Friday, June 4, 2010

A Good Marriage (Eric Rohmer, 1982)

Cinema has never been kind to the figure of woman. Patriarchy interpellates and objectifies her, to paraphrase the words of a young Godard. Within the diegetic universe, if not the corporate ambit, of film production, she is asked to inhabit the margins to foreground the primacy of man. She is asked to assume a lower, inferior rank, tucked away in domestic and domesticated roles as mother, non-career woman, housewife. She must never threaten the male protagonist, and if she isn’t going to be his complement, neither can she assume the persona of an equally strong villain. This, more or less, defines the screen presence allotted to women in this most macho of arts.

Released in 1982 as part of his cycle of films called Comedies and Proverbs, Eric Rohmer’s A Good Marriage is a picture that can divide opinion as to its place within feminist canon in an era of growing identity awareness. It is bound to be applauded outright or perhaps elicit a few cringe-worthy moments in its depiction of women. Its main protagonist, Sabine, the movie’s premise quickly makes plain, is a young woman on a quest to find a husband. She declares one fateful night, after doing away with her married boyfriend, that she will pursue marriage as an ideal in life and revert to a figure of olden times when women were respected and desired for their virtue.

Enter Edmond, a lawyer bachelor who meets all of Sabine’s coveted attributes in a man. Handsome, rich, successful. Most of all, single. Here is Sabine’s cue to assume the womanly ideal that she espouses, but she gets bad advice from her best friend Clarisse, who goads her to take the initiative and pursue him. Much of the rest of A Good Marriage is a lot of self-absorbed second-guessing on the part of Sabine (and her friend Clarisse) on how to go about ensnaring her intended man and the resulting abortive efforts. They proceed, predictably, with teary-eyed repercussions.

As a woman exercising her subjectivity, the figure of Sabine may elicit groans from an audience that thinks her crude and less than cunning in her methods of entrapment. Good for her, they will say, A Good Marriage is nothing but a film that puts her back in her rightful place, the passive position. As a woman, she is not subject but object. She has to wait to be ridden like a frozen horse on the carousel of marriage.

But a more informed reading may see Sabine as the prototype of a woman as the aggressive other. We live in a culture that concedes too much to men, and this paradigm is turned on its head in this Rohmer film. Sabine may fail, but not unlike all first timers do. She hits and misses but she will take the attendant lumps and bruises. It is she who pursues; she is predator, not prey for once, that’s what counts.

After all, the film ends where an opportunity seems to present itself to Sabine once again. After all, something has been withheld here, some complicating fact: that Edmond belongs to the haute bourgeoisie, while Sabine is substantially rungs lower on the economic ladder. (Cue in the Marxists.) That Edmond blinks first in a letter he writes to Sabine: he can never sacrifice his freedom. Edmond is not just a snooty rich man, but a man who feels threatened by an aggressive woman. Sabine will get the hang of it. Nature, after all, will bear her out. Predators more often fail than succeed in their pursuit of prey.

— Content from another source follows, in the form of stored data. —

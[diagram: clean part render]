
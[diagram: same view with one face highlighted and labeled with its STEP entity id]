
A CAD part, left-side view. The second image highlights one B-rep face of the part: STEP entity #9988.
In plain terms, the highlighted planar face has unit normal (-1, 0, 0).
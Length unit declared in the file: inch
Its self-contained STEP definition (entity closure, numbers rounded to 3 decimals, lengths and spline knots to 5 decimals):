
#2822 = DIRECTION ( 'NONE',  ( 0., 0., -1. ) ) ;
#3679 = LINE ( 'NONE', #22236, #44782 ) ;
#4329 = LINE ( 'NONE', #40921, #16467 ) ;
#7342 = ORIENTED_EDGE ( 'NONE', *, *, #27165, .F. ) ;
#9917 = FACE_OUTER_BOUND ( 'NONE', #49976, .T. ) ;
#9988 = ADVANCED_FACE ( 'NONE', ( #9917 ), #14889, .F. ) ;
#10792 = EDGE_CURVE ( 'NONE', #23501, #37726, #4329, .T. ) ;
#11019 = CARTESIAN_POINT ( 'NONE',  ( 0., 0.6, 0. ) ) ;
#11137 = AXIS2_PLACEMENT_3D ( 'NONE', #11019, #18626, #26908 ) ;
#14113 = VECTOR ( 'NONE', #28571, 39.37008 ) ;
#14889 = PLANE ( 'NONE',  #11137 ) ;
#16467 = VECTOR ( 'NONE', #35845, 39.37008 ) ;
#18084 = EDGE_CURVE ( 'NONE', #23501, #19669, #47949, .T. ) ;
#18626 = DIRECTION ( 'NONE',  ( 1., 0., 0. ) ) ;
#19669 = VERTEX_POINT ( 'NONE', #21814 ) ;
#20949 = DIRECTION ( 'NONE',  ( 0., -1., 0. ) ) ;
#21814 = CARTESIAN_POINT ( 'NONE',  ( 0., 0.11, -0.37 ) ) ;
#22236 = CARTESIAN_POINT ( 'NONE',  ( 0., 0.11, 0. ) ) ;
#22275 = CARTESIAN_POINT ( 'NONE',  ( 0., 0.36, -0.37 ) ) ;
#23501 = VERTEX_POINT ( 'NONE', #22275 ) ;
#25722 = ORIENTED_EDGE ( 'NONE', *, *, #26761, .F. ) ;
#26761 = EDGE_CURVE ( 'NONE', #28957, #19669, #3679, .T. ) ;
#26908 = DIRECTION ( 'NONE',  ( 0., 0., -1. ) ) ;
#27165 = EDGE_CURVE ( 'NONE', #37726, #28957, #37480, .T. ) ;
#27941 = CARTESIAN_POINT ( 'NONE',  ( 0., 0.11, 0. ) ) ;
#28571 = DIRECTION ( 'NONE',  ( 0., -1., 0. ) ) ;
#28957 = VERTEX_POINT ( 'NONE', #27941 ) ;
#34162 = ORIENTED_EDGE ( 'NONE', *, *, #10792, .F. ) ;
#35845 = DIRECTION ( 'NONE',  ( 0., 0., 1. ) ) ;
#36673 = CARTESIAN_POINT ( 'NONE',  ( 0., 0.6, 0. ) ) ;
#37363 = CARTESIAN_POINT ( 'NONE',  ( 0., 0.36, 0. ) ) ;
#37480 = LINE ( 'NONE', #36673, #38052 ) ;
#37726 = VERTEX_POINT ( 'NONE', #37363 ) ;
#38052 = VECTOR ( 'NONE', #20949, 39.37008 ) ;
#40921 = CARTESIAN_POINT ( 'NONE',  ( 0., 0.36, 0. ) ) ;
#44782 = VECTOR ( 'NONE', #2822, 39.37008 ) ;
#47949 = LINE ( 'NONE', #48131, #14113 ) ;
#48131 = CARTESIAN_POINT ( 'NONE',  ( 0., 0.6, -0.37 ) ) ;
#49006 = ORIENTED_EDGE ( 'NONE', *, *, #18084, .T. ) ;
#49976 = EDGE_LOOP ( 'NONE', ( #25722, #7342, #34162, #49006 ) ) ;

Like the five other films in the cycle of Comedies and Proverbs, Rohmer conceived A Good Marriage in such a light but cautionary vein, as seriocomic parables that illustrate the pitfalls of relationships and their less-than-fairy-tale consequences. Rohmer’s direction here, as always, is light and unobtrusive, allowing Beatrice Romand free rein to shine as Sabine. Arielle Dombasle (as Clarisse) and Andre Dussollier (as Edmond) turn in worthy supporting roles. If you fancy a film with simple but lilting charms, with articulate and involving characters, you can do worse than a film by Rohmer. A Good Marriage is no exception.